Nice set up, the temp is right at the top end of their range. You may want to try to drop it by a couple of degrees. This will also encourage them to breed as they will go through a natural cooling period in the wild. I have a trio of them and they are kept at 17-19 degrees and they are really active. The more plants the better for breeding. Mine have not breed yet, but they are in quite a bare set up which will have a load more plants added in March. 
Hope this helps
Chris


----------



## That guy (Jul 22, 2013)

chrisperrins78 said:


> Nice set up, the temp is right at the top end of their range. You may want to try to drop it by a couple of degrees. This will also encourage them to breed as they will go through a natural cooling period in the wild. I have a trio of them and they are kept at 17-19 degrees and they are really active. The more plants the better for breeding.

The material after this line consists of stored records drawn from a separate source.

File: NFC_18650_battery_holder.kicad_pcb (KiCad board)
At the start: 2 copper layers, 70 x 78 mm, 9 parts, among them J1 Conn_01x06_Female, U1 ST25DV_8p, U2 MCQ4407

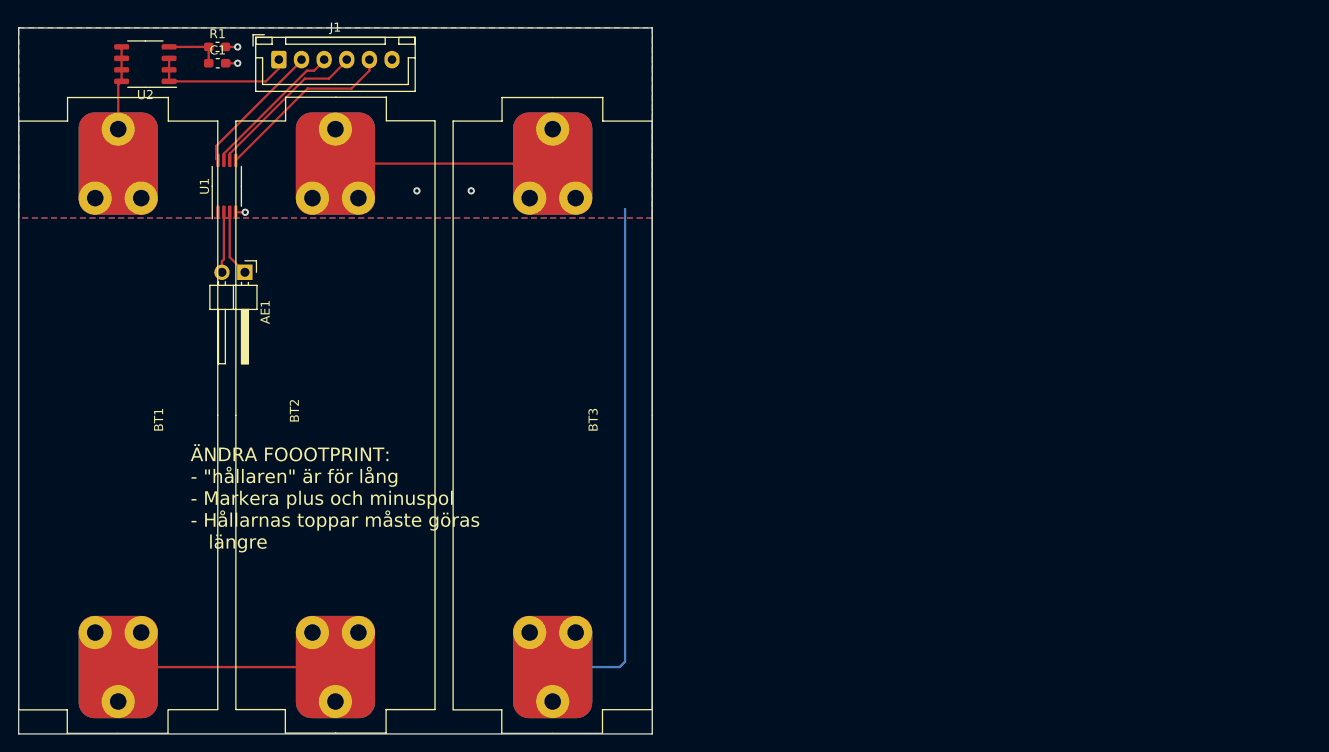
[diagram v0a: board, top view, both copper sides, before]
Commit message: 4.1uH antenna project done. Antenna was added to project via bitmap.
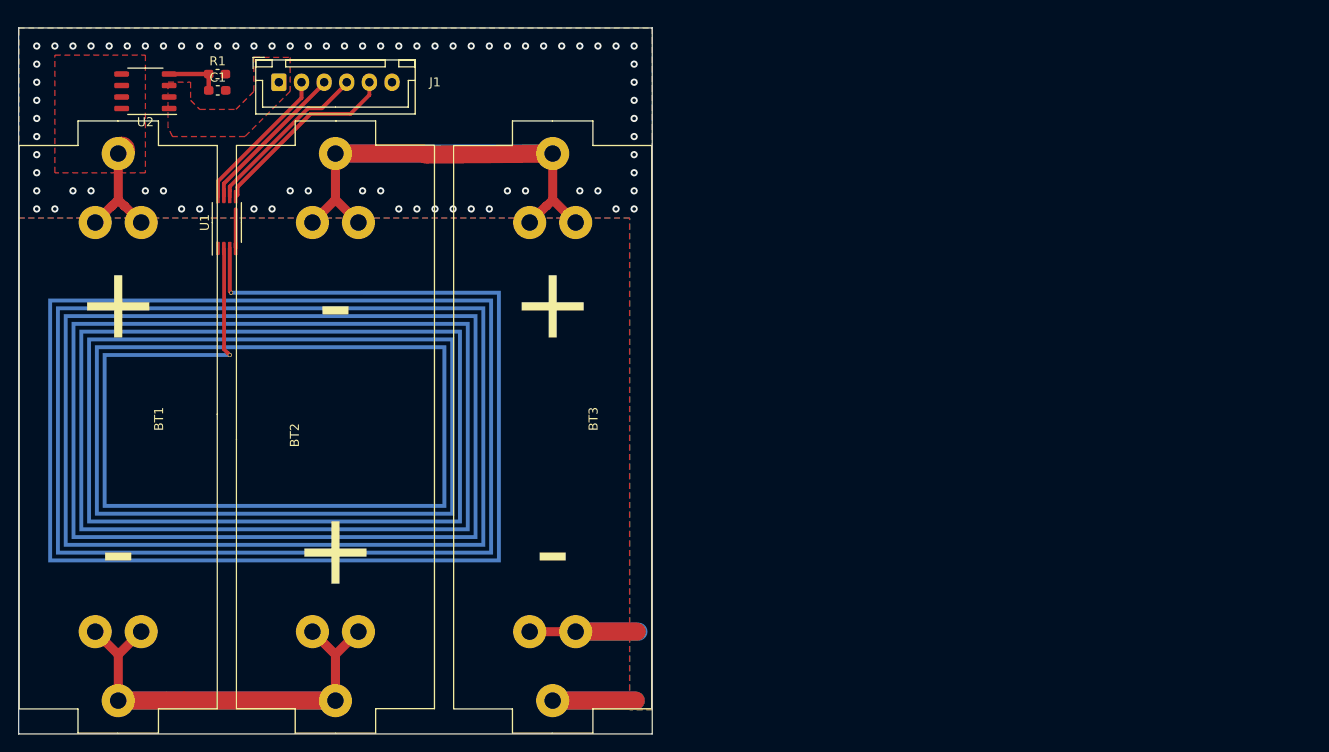
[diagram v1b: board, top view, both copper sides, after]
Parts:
- AE1: footprint Connector_PinHeader_2.54mm:PinHeader_1x02_P2.54mm_Horizontal -> NFC_18650_battery_holder:Antenna_4.1uH; moved to B.Cu
- BT1, BT2, BT3: footprint NFC_hatch_tmp:18650_holder_SMD -> NFC_hatch_tmp:18650_holder_SMD_65mm
- moved AE1 17.3 mm to (74.0, 97.0), turned to 180 degrees
- moved U1 4.00 mm to (69.0, 74.5)
- moved C1 3.00 mm to (68.0, 59.9)
- moved R1 3.00 mm to (68.0, 58.1)
- moved U2 3.00 mm to (60.0, 60.0)
- moved BT2 2.70 mm to (81.0, 98.5)
- moved J1 2.50 mm to (74.8, 59.0)
- moved BT1 0.10 mm to (57.0, 95.7)
- moved BT3 0.10 mm to (105.0, 95.7)
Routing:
- net Net-(BT1-Pad2): track 24.0 -> 72.5 mm
- net Net-(BT2-Pad2): track 24.0 -> 72.4 mm
- net /Sheet5FAF080E/BATT_RET: track 62.0 -> 41.7 mm, vias 5 -> 76
- net +BATT: track 16.2 -> 0.00 mm
- net Net-(AE1-Pad2): track 6.73 -> 12.0 mm
- net Net-(AE1-Pad1): track 7.33 -> 4.96 mm
- net Net-(J1-Pad2): track 15.1 -> 16.5 mm
- net Net-(J1-Pad5): track 20.1 -> 21.3 mm
- net Net-(J1-Pad3): track 16.2 -> 17.2 mm
- net Net-(J1-Pad4): track 18.0 -> 18.9 mm
- added copper zone on F.Cu, net +BATT
- added copper zone on F.Cu, net Net-(BT1-Pad1)
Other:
- board text added: "Antenna_4.1uH"
- board text removed: "ÄNDRA FOOOTPRINT: - "hållaren" är för lång - Markera plus och minuspol - Hållarnas toppar måste göras längre"

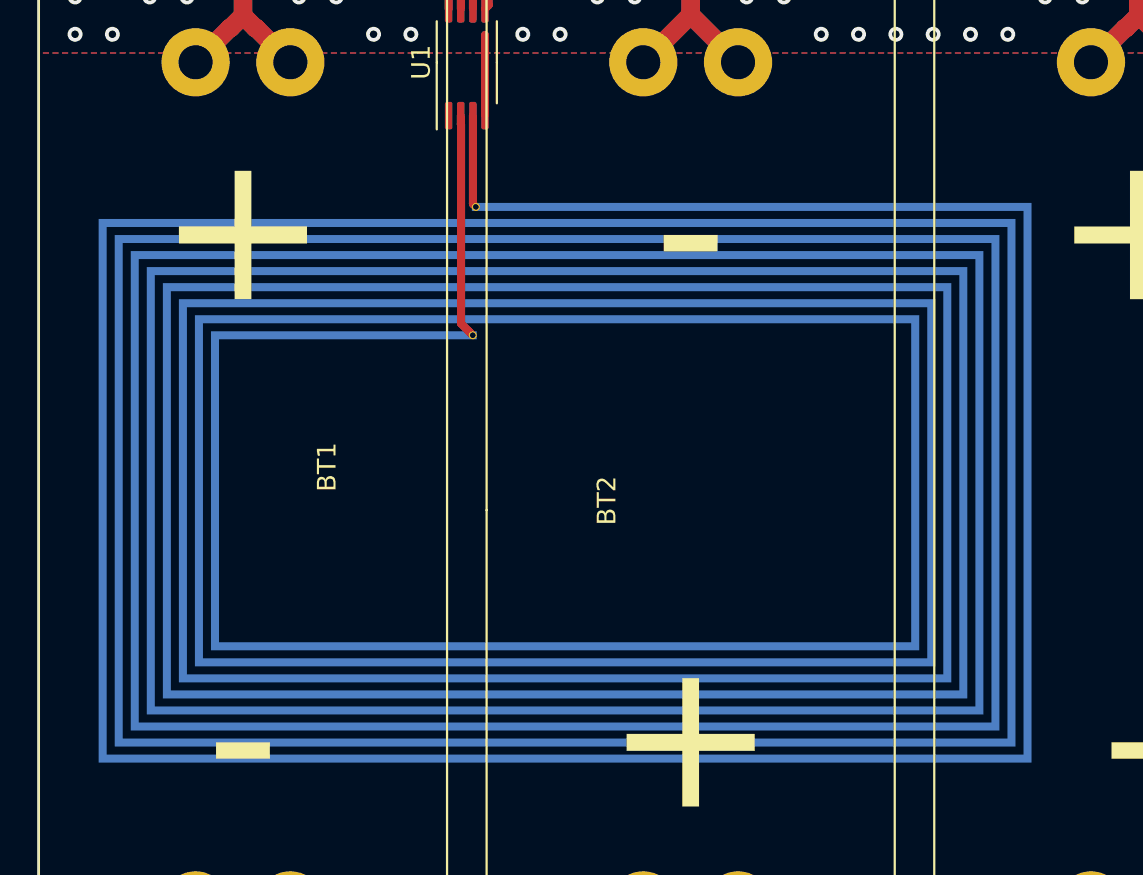
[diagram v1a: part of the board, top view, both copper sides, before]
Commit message: Antenna footprints done.
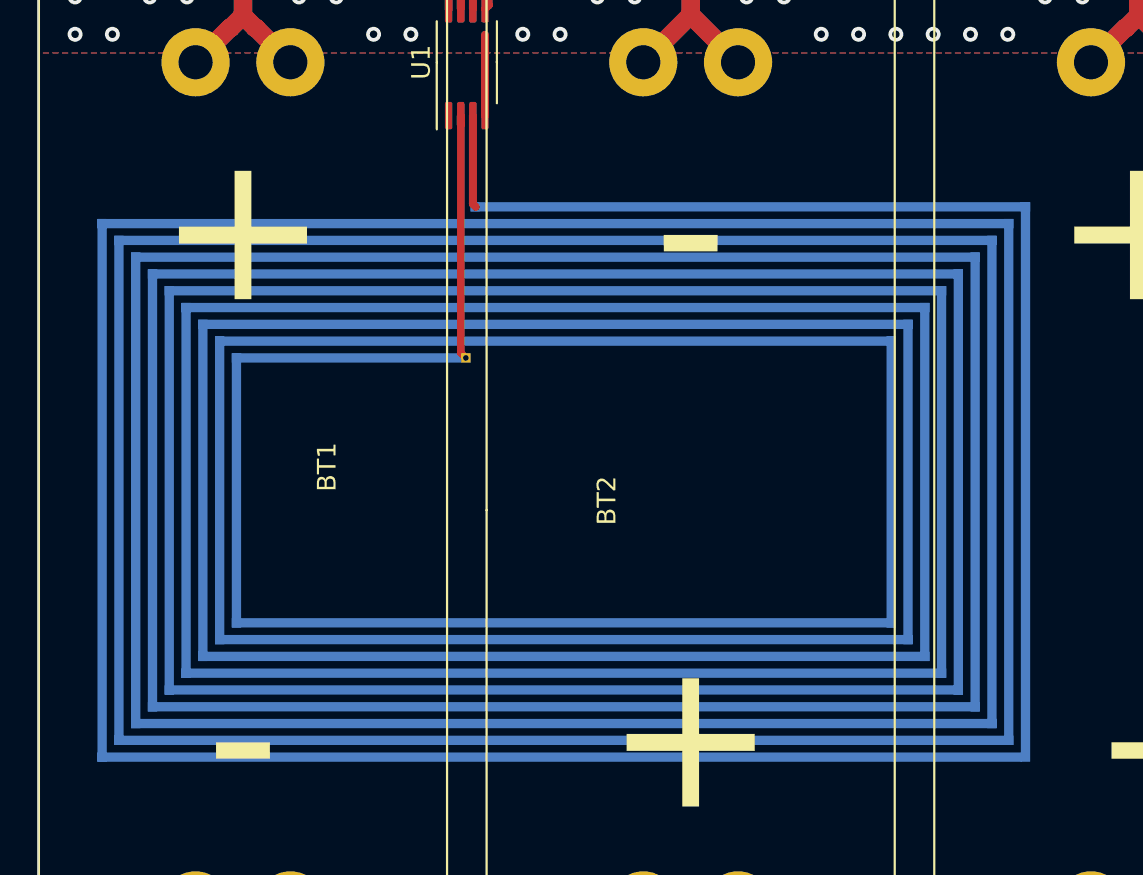
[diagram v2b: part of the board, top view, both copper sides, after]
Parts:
- AE1: footprint NFC_18650_battery_holder:Antenna_4.1uH -> NFC_18650_battery_holder:Antenna_4.58uH
- moved AE1 0.15 mm to (74.2, 97.0)
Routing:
- net Net-(AE1-Pad2): track 12.0 -> 13.6 mm
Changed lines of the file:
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@@
     (thickness 1.6)
     (drawings 5)
-    (tracks 145)
+    (tracks 144)
     (zones 0)
     (modules 9)
@@
   )
   (setup
-    (last_trace_width 0.43)
+    (last_trace_width 0.25)
     (user_trace_width 0.43)
     (user_trace_width 1)
@@
     (solder_mask_min_width 0.25)
     (aux_axis_origin 0 0)
-    (visible_elements FFFFFF7F)
+    (visible_elements 7FFFFFFF)
     (pcbplotparams
       (layerselection 0x010fc_ffffffff)
@@
     (add_net "Net-(J1-Pad4)")
     (add_net "Net-(J1-Pad5)")
-  )
-  (module NFC_18650_battery_holder:Antenna_4.1uH (layer B.Cu)
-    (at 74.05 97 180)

Mine have not breed yet, but they are in quite a bare set up which will have a load more plants added in March.
> Hope this helps
> Chris


Cheers:2thumb: 

I was thinking of cooling it before i get them but thought they will be ok and if I need to cool it to triggered breeding behaviour then I can cool it and get them to breed : victory:
I'm getting frogbit when I see it. 
I wasn't sure whether to get more plants so decided I'll see how the newts look but will probably get more.
Just wondering how do you cool it? the only thing I can think of are ice cubes


----------



## chrisperrins78 (Nov 2, 2011)

Ice would work or put them outside.


----------



## That guy (Jul 22, 2013)

Can't put them out side  too many cats for me to be constable (the learned how to open my fish tanks outside where I hibernate some young frog 

And we are right on the edge of a bad neighbourhood and people from their come over to where we live and cause trouble. Wouldn't be combatable. 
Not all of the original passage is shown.